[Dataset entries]
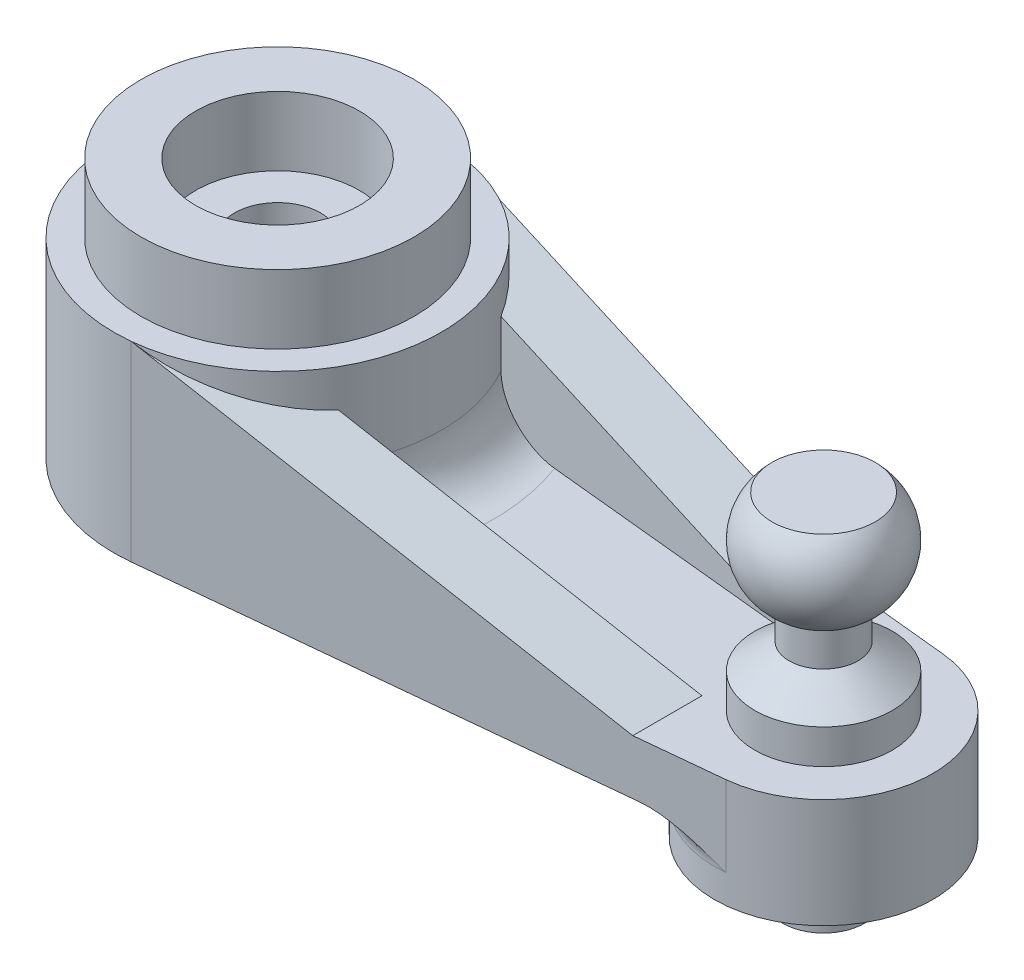
ISO-10303-21;
HEADER;
FILE_DESCRIPTION(('STEP AP214'),'2;1');
FILE_NAME('part.step','',(''),(''),'','','');
FILE_SCHEMA(('AUTOMOTIVE_DESIGN { 1 0 10303 214 1 1 1 1 }'));
ENDSEC;
DATA;
#1=APPLICATION_CONTEXT('core data for automotive mechanical design processes');
#2=APPLICATION_PROTOCOL_DEFINITION('international standard','automotive_design',2000,#1);
#3=PRODUCT_CONTEXT('',#1,'mechanical');
#4=PRODUCT('Part','Part','',(#3));
#5=PRODUCT_RELATED_PRODUCT_CATEGORY('part','',(#4));
#6=PRODUCT_DEFINITION_FORMATION('','',#4);
#7=PRODUCT_DEFINITION_CONTEXT('part definition',#1,'design');
#8=PRODUCT_DEFINITION('design','',#6,#7);
#9=PRODUCT_DEFINITION_SHAPE('','',#8);
#10=(LENGTH_UNIT() NAMED_UNIT(*) SI_UNIT(.MILLI.,.METRE.));
#11=(NAMED_UNIT(*) PLANE_ANGLE_UNIT() SI_UNIT($,.RADIAN.));
#12=(NAMED_UNIT(*) SI_UNIT($,.STERADIAN.) SOLID_ANGLE_UNIT());
#13=UNCERTAINTY_MEASURE_WITH_UNIT(LENGTH_MEASURE(1.E-05),#10,'distance_accuracy_value','');
#14=(GEOMETRIC_REPRESENTATION_CONTEXT(3) GLOBAL_UNCERTAINTY_ASSIGNED_CONTEXT((#13)) GLOBAL_UNIT_ASSIGNED_CONTEXT((#10,
#11,#12)) REPRESENTATION_CONTEXT('',''));
#15=CARTESIAN_POINT('',(0.,0.,0.));
#16=DIRECTION('',(0.,0.,1.));
#17=DIRECTION('',(1.,0.,0.));
#18=AXIS2_PLACEMENT_3D('',#15,#16,#17);
#19=CARTESIAN_POINT('',(1.56570147232496,5.23010843007844,-4.7625));
#20=DIRECTION('',(-0.286788069038324,-0.957994051890339,0.));
#21=DIRECTION('',(0.957994051890339,-0.286788069038324,0.));
#22=AXIS2_PLACEMENT_3D('',#19,#20,#21);
#23=PLANE('',#22);
#24=DIRECTION('',(-0.953584276240566,0.285467944930043,-0.0958388257658354));
#25=VECTOR('',#24,1.);
#26=CARTESIAN_POINT('',(1.36981146054647,5.28875067123953,-2.63874573289111));
#27=LINE('',#26,#25);
#28=CARTESIAN_POINT('',(13.7335619453296,1.5875,-1.39614205532746));
#29=VERTEX_POINT('',#28);
#30=CARTESIAN_POINT('',(4.13623704661039,4.46058493221435,-2.36070950018162));
#31=VERTEX_POINT('',#30);
#32=EDGE_CURVE('E127',#29,#31,#27,.T.);
#33=ORIENTED_EDGE('',*,*,#32,.F.);
#34=DIRECTION('',(0.,0.,1.));
#35=VECTOR('',#34,1.);
#36=CARTESIAN_POINT('',(13.7335619453296,1.5875,-4.7625));
#37=LINE('',#36,#35);
#38=CARTESIAN_POINT('',(13.7335619453296,1.5875,-3.40621768584589));
#39=VERTEX_POINT('',#38);
#40=EDGE_CURVE('E143',#39,#29,#37,.T.);
#41=ORIENTED_EDGE('',*,*,#40,.F.);
#42=DIRECTION('',(0.953584276240566,-0.285467944930043,0.0958388257658355));
#43=VECTOR('',#42,1.);
#44=CARTESIAN_POINT('',(0.47625,5.55625,-4.73862766922028));
#45=LINE('',#44,#43);
#46=CARTESIAN_POINT('',(0.47625,5.55625,-4.73862766922028));
#47=VERTEX_POINT('',#46);
#48=EDGE_CURVE('E147',#47,#39,#45,.T.);
#49=ORIENTED_EDGE('',*,*,#48,.F.);
#50=CARTESIAN_POINT('',(0.,5.69882167631677,0.));
#51=DIRECTION('',(-0.286788069038324,-0.957994051890339,0.));
#52=DIRECTION('',(-0.957994051890339,0.286788069038324,0.));
#53=AXIS2_PLACEMENT_3D('',#50,#51,#52);
#54=ELLIPSE('',#53,4.97132522963218,4.7625);
#55=EDGE_CURVE('E185',#47,#31,#54,.T.);
#56=ORIENTED_EDGE('',*,*,#55,.T.);
#57=EDGE_LOOP('',(#33,#41,#49,#56));
#58=FACE_BOUND('',#57,.T.);
#59=ADVANCED_FACE('F39',(#58),#23,.F.);
#60=CARTESIAN_POINT('',(0.,5.55625,0.));
#61=DIRECTION('',(0.,-1.,0.));
#62=DIRECTION('',(0.,0.,-1.));
#63=AXIS2_PLACEMENT_3D('',#60,#61,#62);
#64=CYLINDRICAL_SURFACE('',#63,4.7625);
#65=CARTESIAN_POINT('',(0.,0.,0.));
#66=DIRECTION('',(0.,1.,0.));
#67=DIRECTION('',(0.,0.,1.));
#68=AXIS2_PLACEMENT_3D('',#65,#66,#67);
#69=CIRCLE('',#68,4.7625);
#70=CARTESIAN_POINT('',(0.47625,0.,-4.73862766922028));
#71=VERTEX_POINT('',#70);
#72=CARTESIAN_POINT('',(0.476250000000001,0.,4.73862766922028));
#73=VERTEX_POINT('',#72);
#74=EDGE_CURVE('E160',#71,#73,#69,.T.);
#75=ORIENTED_EDGE('',*,*,#74,.T.);
#76=DIRECTION('',(0.,-1.,0.));
#77=VECTOR('',#76,1.);
#78=CARTESIAN_POINT('',(0.476250000000001,5.55625,4.73862766922028));
#79=LINE('',#78,#77);
#80=CARTESIAN_POINT('',(0.476249999999999,5.55625,4.73862766922028));
#81=VERTEX_POINT('',#80);
#82=EDGE_CURVE('E178',#81,#73,#79,.T.);
#83=ORIENTED_EDGE('',*,*,#82,.F.);
#84=CARTESIAN_POINT('',(0.,5.55625,0.));
#85=DIRECTION('',(0.,1.,0.));
#86=DIRECTION('',(0.,0.,1.));
#87=AXIS2_PLACEMENT_3D('',#84,#85,#86);
#88=CIRCLE('',#87,4.7625);
#89=EDGE_CURVE('E161',#47,#81,#88,.T.);
#90=ORIENTED_EDGE('',*,*,#89,.F.);
#91=DIRECTION('',(0.,-1.,0.));
#92=VECTOR('',#91,1.);
#93=CARTESIAN_POINT('',(0.47625,5.55625,-4.73862766922028));
#94=LINE('',#93,#92);
#95=EDGE_CURVE('E164',#47,#71,#94,.T.);
#96=ORIENTED_EDGE('',*,*,#95,.T.);
#97=EDGE_LOOP('',(#75,#83,#90,#96));
#98=FACE_BOUND('',#97,.T.);
#99=ADVANCED_FACE('F226',(#98),#64,.T.);
#100=CARTESIAN_POINT('',(0.47625,5.55625,4.73862766922028));
#101=DIRECTION('',(-0.1,0.,-0.99498743710662));
#102=DIRECTION('',(-0.99498743710662,0.,0.1));
#103=AXIS2_PLACEMENT_3D('',#100,#101,#102);
#104=PLANE('',#103);
#105=DIRECTION('',(0.,-1.,0.));
#106=VECTOR('',#105,1.);
#107=CARTESIAN_POINT('',(16.1925,5.55625,3.15908511281352));
#108=LINE('',#107,#106);
#109=CARTESIAN_POINT('',(16.1925,1.5875,3.15908511281352));
#110=VERTEX_POINT('',#109);
#111=CARTESIAN_POINT('',(16.1925,-0.75,3.15908511281352));
#112=VERTEX_POINT('',#111);
#113=EDGE_CURVE('E176',#110,#112,#108,.T.);
#114=ORIENTED_EDGE('',*,*,#113,.F.);
#115=DIRECTION('',(-0.99498743710662,0.,0.1));
#116=VECTOR('',#115,1.);
#117=CARTESIAN_POINT('',(0.47625,1.5875,4.73862766922028));
#118=LINE('',#117,#116);
#119=CARTESIAN_POINT('',(13.7335619453296,1.5875,3.40621768584588));
#120=VERTEX_POINT('',#119);
#121=EDGE_CURVE('E158',#110,#120,#118,.T.);
#122=ORIENTED_EDGE('',*,*,#121,.T.);
#123=DIRECTION('',(-0.953584276240566,0.285467944930043,0.0958388257658356));
#124=VECTOR('',#123,1.);
#125=CARTESIAN_POINT('',(0.47625,5.55625,4.73862766922028));
#126=LINE('',#125,#124);
#127=EDGE_CURVE('E141',#120,#81,#126,.T.);
#128=ORIENTED_EDGE('',*,*,#127,.T.);
#129=ORIENTED_EDGE('',*,*,#82,.T.);
#130=DIRECTION('',(0.99498743710662,0.,-0.1));
#131=VECTOR('',#130,1.);
#132=CARTESIAN_POINT('',(0.47625,0.,4.73862766922028));
#133=LINE('',#132,#131);
#134=CARTESIAN_POINT('',(13.8964708190008,0.,3.3898447279978));
#135=VERTEX_POINT('',#134);
#136=EDGE_CURVE('E168',#73,#135,#133,.T.);
#137=ORIENTED_EDGE('',*,*,#136,.T.);
#138=CARTESIAN_POINT('',(13.8964708190008,0.,3.38984472799781));
#139=CARTESIAN_POINT('',(13.9375612790772,-3.94246342919245E-06,3.38571498137548));
#140=CARTESIAN_POINT('',(13.9786355181918,-0.00117843439605369,3.38158686502116));
#141=CARTESIAN_POINT('',(14.06064768221,-0.00564932245312722,3.37334433240622));
#142=CARTESIAN_POINT('',(14.1015856718321,-0.00894450004539813,3.36922990964113));
#143=CARTESIAN_POINT('',(14.2238604204602,-0.0216588612066211,3.35694083501886));
#144=CARTESIAN_POINT('',(14.3049103008642,-0.033909604156082,3.34879501554605));
#145=CARTESIAN_POINT('',(14.4648125016523,-0.0643380609874803,3.33272423969252));
#146=CARTESIAN_POINT('',(14.5436796096108,-0.0824403947750877,3.32479779710467));
#147=CARTESIAN_POINT('',(14.7002091092547,-0.123492221473624,3.3090659904701));
#148=CARTESIAN_POINT('',(14.7778704104938,-0.146445855394132,3.30126073601735));
#149=CARTESIAN_POINT('',(14.9694386881453,-0.20833819157437,3.28200739969297));
#150=CARTESIAN_POINT('',(15.0825897955947,-0.249619564983325,3.27063528551045));
#151=CARTESIAN_POINT('',(15.3065260020936,-0.338110614607334,3.24812884993675));
#152=CARTESIAN_POINT('',(15.417310925066,-0.385320730217228,3.23699454624197));
#153=CARTESIAN_POINT('',(15.74794092754,-0.532924312454419,3.20376498070739));
#154=CARTESIAN_POINT('',(15.9652316447195,-0.638986598261524,3.18192644194034));
#155=CARTESIAN_POINT('',(16.1857767480147,-0.746715882989358,3.1597608250622));
#156=CARTESIAN_POINT('',(16.1891383807568,-0.748357952442116,3.15942296825951));
#157=CARTESIAN_POINT('',(16.1925,-0.75,3.15908511281352));
#158=B_SPLINE_CURVE_WITH_KNOTS('',3,(#138,#139,#140,#141,#142,#143,#144,#145,#146,#147,#148,
#149,#150,#151,#152,#153,#154,#155,#156,#157),.UNSPECIFIED.,.F.,.F.,(4,2,2,2,2,2,2,2,2,4),(0.,
0.123850203641415,0.247629307221144,0.494429882293765,0.738170051786999,0.982119121254398,
1.34480112618795,1.70751002632931,2.43558313806341,2.4468525657335),.UNSPECIFIED.);
#159=EDGE_CURVE('E202',#135,#112,#158,.T.);
#160=ORIENTED_EDGE('',*,*,#159,.T.);
#161=EDGE_LOOP('',(#114,#122,#128,#129,#137,#160));
#162=FACE_BOUND('',#161,.T.);
#163=ADVANCED_FACE('F222',(#162),#104,.F.);
#164=CARTESIAN_POINT('',(15.875,5.55625,0.));
#165=DIRECTION('',(0.,-1.,0.));
#166=DIRECTION('',(0.,0.,-1.));
#167=AXIS2_PLACEMENT_3D('',#164,#165,#166);
#168=CYLINDRICAL_SURFACE('',#167,3.175);
#169=CARTESIAN_POINT('',(15.875,-0.75,0.));
#170=DIRECTION('',(0.,1.,0.));
#171=DIRECTION('',(0.,0.,1.));
#172=AXIS2_PLACEMENT_3D('',#169,#170,#171);
#173=CIRCLE('',#172,3.175);
#174=CARTESIAN_POINT('',(16.1925,-0.75,-3.15908511281352));
#175=VERTEX_POINT('',#174);
#176=EDGE_CURVE('E191',#112,#175,#173,.F.);
#177=ORIENTED_EDGE('',*,*,#176,.T.);
#178=DIRECTION('',(0.,-1.,0.));
#179=VECTOR('',#178,1.);
#180=CARTESIAN_POINT('',(16.1925,5.55625,-3.15908511281352));
#181=LINE('',#180,#179);
#182=CARTESIAN_POINT('',(16.1925,1.5875,-3.15908511281352));
#183=VERTEX_POINT('',#182);
#184=EDGE_CURVE('E174',#183,#175,#181,.T.);
#185=ORIENTED_EDGE('',*,*,#184,.F.);
#186=CARTESIAN_POINT('',(15.875,1.5875,0.));
#187=DIRECTION('',(0.,-1.,0.));
#188=DIRECTION('',(1.,0.,0.));
#189=AXIS2_PLACEMENT_3D('',#186,#187,#188);
#190=CIRCLE('',#189,3.175);
#191=EDGE_CURVE('E155',#183,#110,#190,.T.);
#192=ORIENTED_EDGE('',*,*,#191,.T.);
#193=ORIENTED_EDGE('',*,*,#113,.T.);
#194=EDGE_LOOP('',(#177,#185,#192,#193));
#195=FACE_BOUND('',#194,.T.);
#196=CARTESIAN_POINT('',(15.875,-1.5875,0.));
#197=DIRECTION('',(0.,-1.,0.));
#198=DIRECTION('',(0.,0.,-1.));
#199=AXIS2_PLACEMENT_3D('',#196,#197,#198);
#200=CIRCLE('',#199,3.175);
#201=CARTESIAN_POINT('',(15.875,-1.5875,-3.175));
#202=VERTEX_POINT('',#201);
#203=EDGE_CURVE('E315',#202,#202,#200,.T.);
#204=ORIENTED_EDGE('',*,*,#203,.F.);
#205=EDGE_LOOP('',(#204));
#206=FACE_BOUND('',#205,.T.);
#207=ADVANCED_FACE('F217',(#195,#206),#168,.T.);
#208=CARTESIAN_POINT('',(0.47625,5.55625,-4.73862766922028));
#209=DIRECTION('',(-0.1,0.,0.99498743710662));
#210=DIRECTION('',(0.99498743710662,0.,0.1));
#211=AXIS2_PLACEMENT_3D('',#208,#209,#210);
#212=PLANE('',#211);
#213=ORIENTED_EDGE('',*,*,#48,.T.);
#214=DIRECTION('',(0.99498743710662,0.,0.1));
#215=VECTOR('',#214,1.);
#216=CARTESIAN_POINT('',(0.476249999999999,1.5875,-4.73862766922028));
#217=LINE('',#216,#215);
#218=EDGE_CURVE('E181',#39,#183,#217,.T.);
#219=ORIENTED_EDGE('',*,*,#218,.T.);
#220=ORIENTED_EDGE('',*,*,#184,.T.);
#221=CARTESIAN_POINT('',(13.8964708190008,0.,-3.38984472799781));
#222=CARTESIAN_POINT('',(13.9375612790772,-3.94246342919346E-06,-3.38571498137548));
#223=CARTESIAN_POINT('',(13.9786355181919,-0.00117843439605533,-3.38158686502116));
#224=CARTESIAN_POINT('',(14.0606476822101,-0.00564932245313488,-3.3733443324062));
#225=CARTESIAN_POINT('',(14.1015856718322,-0.00894450004541014,-3.36922990964111));
#226=CARTESIAN_POINT('',(14.2238604204605,-0.0216588612066482,-3.35694083501884));
#227=CARTESIAN_POINT('',(14.3049103008644,-0.0339096041561221,-3.34879501554602));
#228=CARTESIAN_POINT('',(14.4648125016526,-0.0643380609875347,-3.33272423969249));
#229=CARTESIAN_POINT('',(14.543679609611,-0.082440394775136,-3.32479779710466));
#230=CARTESIAN_POINT('',(14.7002091092548,-0.123492221473648,-3.3090659904701));
#231=CARTESIAN_POINT('',(14.7778704104939,-0.146445855394138,-3.30126073601734));
#232=CARTESIAN_POINT('',(14.9694386881452,-0.208338191574376,-3.28200739969297));
#233=CARTESIAN_POINT('',(15.0825897955947,-0.249619564983366,-3.27063528551046));
#234=CARTESIAN_POINT('',(15.3065260020936,-0.338110614607269,-3.24812884993675));
#235=CARTESIAN_POINT('',(15.417310925066,-0.385320730217023,-3.23699454624197));
#236=CARTESIAN_POINT('',(15.7479409275398,-0.532924312454753,-3.20376498070741));
#237=CARTESIAN_POINT('',(15.9652316447185,-0.638986598263485,-3.18192644194042));
#238=CARTESIAN_POINT('',(16.1857767480146,-0.746715882989417,-3.1597608250622));
#239=CARTESIAN_POINT('',(16.1891383807568,-0.748357952442146,-3.15942296825951));
#240=CARTESIAN_POINT('',(16.1925,-0.75,-3.15908511281352));
#241=B_SPLINE_CURVE_WITH_KNOTS('',3,(#221,#222,#223,#224,#225,#226,#227,#228,#229,#230,#231,
#232,#233,#234,#235,#236,#237,#238,#239,#240),.UNSPECIFIED.,.F.,.F.,(4,2,2,2,2,2,2,2,2,4),(0.,
0.123850203641501,0.247629307221314,0.494429882294068,0.738170051787138,0.982119121254391,
1.34480112618792,1.70751002632922,2.4355831380634,2.4468525657335),.UNSPECIFIED.);
#242=CARTESIAN_POINT('',(13.8964708190008,0.,-3.3898447279978));
#243=VERTEX_POINT('',#242);
#244=EDGE_CURVE('E196',#175,#243,#241,.F.);
#245=ORIENTED_EDGE('',*,*,#244,.T.);
#246=DIRECTION('',(-0.99498743710662,0.,-0.1));
#247=VECTOR('',#246,1.);
#248=CARTESIAN_POINT('',(0.47625,0.,-4.73862766922028));
#249=LINE('',#248,#247);
#250=EDGE_CURVE('E165',#243,#71,#249,.T.);
#251=ORIENTED_EDGE('',*,*,#250,.T.);
#252=ORIENTED_EDGE('',*,*,#95,.F.);
#253=EDGE_LOOP('',(#213,#219,#220,#245,#251,#252));
#254=FACE_BOUND('',#253,.T.);
#255=ADVANCED_FACE('F211',(#254),#212,.F.);
#256=CARTESIAN_POINT('',(0.,5.55625,0.));
#257=DIRECTION('',(0.,1.,0.));
#258=DIRECTION('',(0.,0.,1.));
#259=AXIS2_PLACEMENT_3D('',#256,#257,#258);
#260=PLANE('',#259);
#261=CARTESIAN_POINT('',(0.,5.55625,0.));
#262=DIRECTION('',(0.,1.,0.));
#263=DIRECTION('',(0.,0.,1.));
#264=AXIS2_PLACEMENT_3D('',#261,#262,#263);
#265=CIRCLE('',#264,3.96875);
#266=CARTESIAN_POINT('',(0.,5.55625,3.96875));
#267=VERTEX_POINT('',#266);
#268=EDGE_CURVE('E329',#267,#267,#265,.T.);
#269=ORIENTED_EDGE('',*,*,#268,.F.);
#270=EDGE_LOOP('',(#269));
#271=FACE_BOUND('',#270,.T.);
#272=ORIENTED_EDGE('',*,*,#89,.T.);
#273=CARTESIAN_POINT('',(0.,5.55625,0.));
#274=DIRECTION('',(0.,1.,0.));
#275=DIRECTION('',(0.,0.,1.));
#276=AXIS2_PLACEMENT_3D('',#273,#274,#275);
#277=CIRCLE('',#276,4.7625);
#278=EDGE_CURVE('E144',#81,#47,#277,.T.);
#279=ORIENTED_EDGE('',*,*,#278,.T.);
#280=EDGE_LOOP('',(#272,#279));
#281=FACE_BOUND('',#280,.T.);
#282=ADVANCED_FACE('F216',(#271,#281),#260,.T.);
#283=CARTESIAN_POINT('',(0.,0.,0.));
#284=DIRECTION('',(0.,1.,0.));
#285=DIRECTION('',(0.,0.,1.));
#286=AXIS2_PLACEMENT_3D('',#283,#284,#285);
#287=PLANE('',#286);
#288=ORIENTED_EDGE('',*,*,#250,.F.);
#289=CARTESIAN_POINT('',(15.875,0.,0.));
#290=DIRECTION('',(0.,1.,0.));
#291=DIRECTION('',(0.,0.,1.));
#292=AXIS2_PLACEMENT_3D('',#289,#290,#291);
#293=CIRCLE('',#292,3.925);
#294=EDGE_CURVE('E194',#243,#135,#293,.T.);
#295=ORIENTED_EDGE('',*,*,#294,.T.);
#296=ORIENTED_EDGE('',*,*,#136,.F.);
#297=ORIENTED_EDGE('',*,*,#74,.F.);
#298=EDGE_LOOP('',(#288,#295,#296,#297));
#299=FACE_BOUND('',#298,.T.);
#300=CARTESIAN_POINT('',(0.,0.,0.));
#301=DIRECTION('',(0.,-1.,0.));
#302=DIRECTION('',(0.,0.,-1.));
#303=AXIS2_PLACEMENT_3D('',#300,#301,#302);
#304=CIRCLE('',#303,3.571875);
#305=CARTESIAN_POINT('',(0.,0.,-3.571875));
#306=VERTEX_POINT('',#305);
#307=EDGE_CURVE('E309',#306,#306,#304,.T.);
#308=ORIENTED_EDGE('',*,*,#307,.F.);
#309=EDGE_LOOP('',(#308));
#310=FACE_BOUND('',#309,.T.);
#311=ADVANCED_FACE('F219',(#299,#310),#287,.F.);
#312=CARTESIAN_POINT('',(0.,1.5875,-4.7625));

- **TASK TO COMPLETE**: Find every line in the data above that holds the string "UNSPECIFIED". Give the number of such lines and nothing else.

- **ANSWER AREA**: 4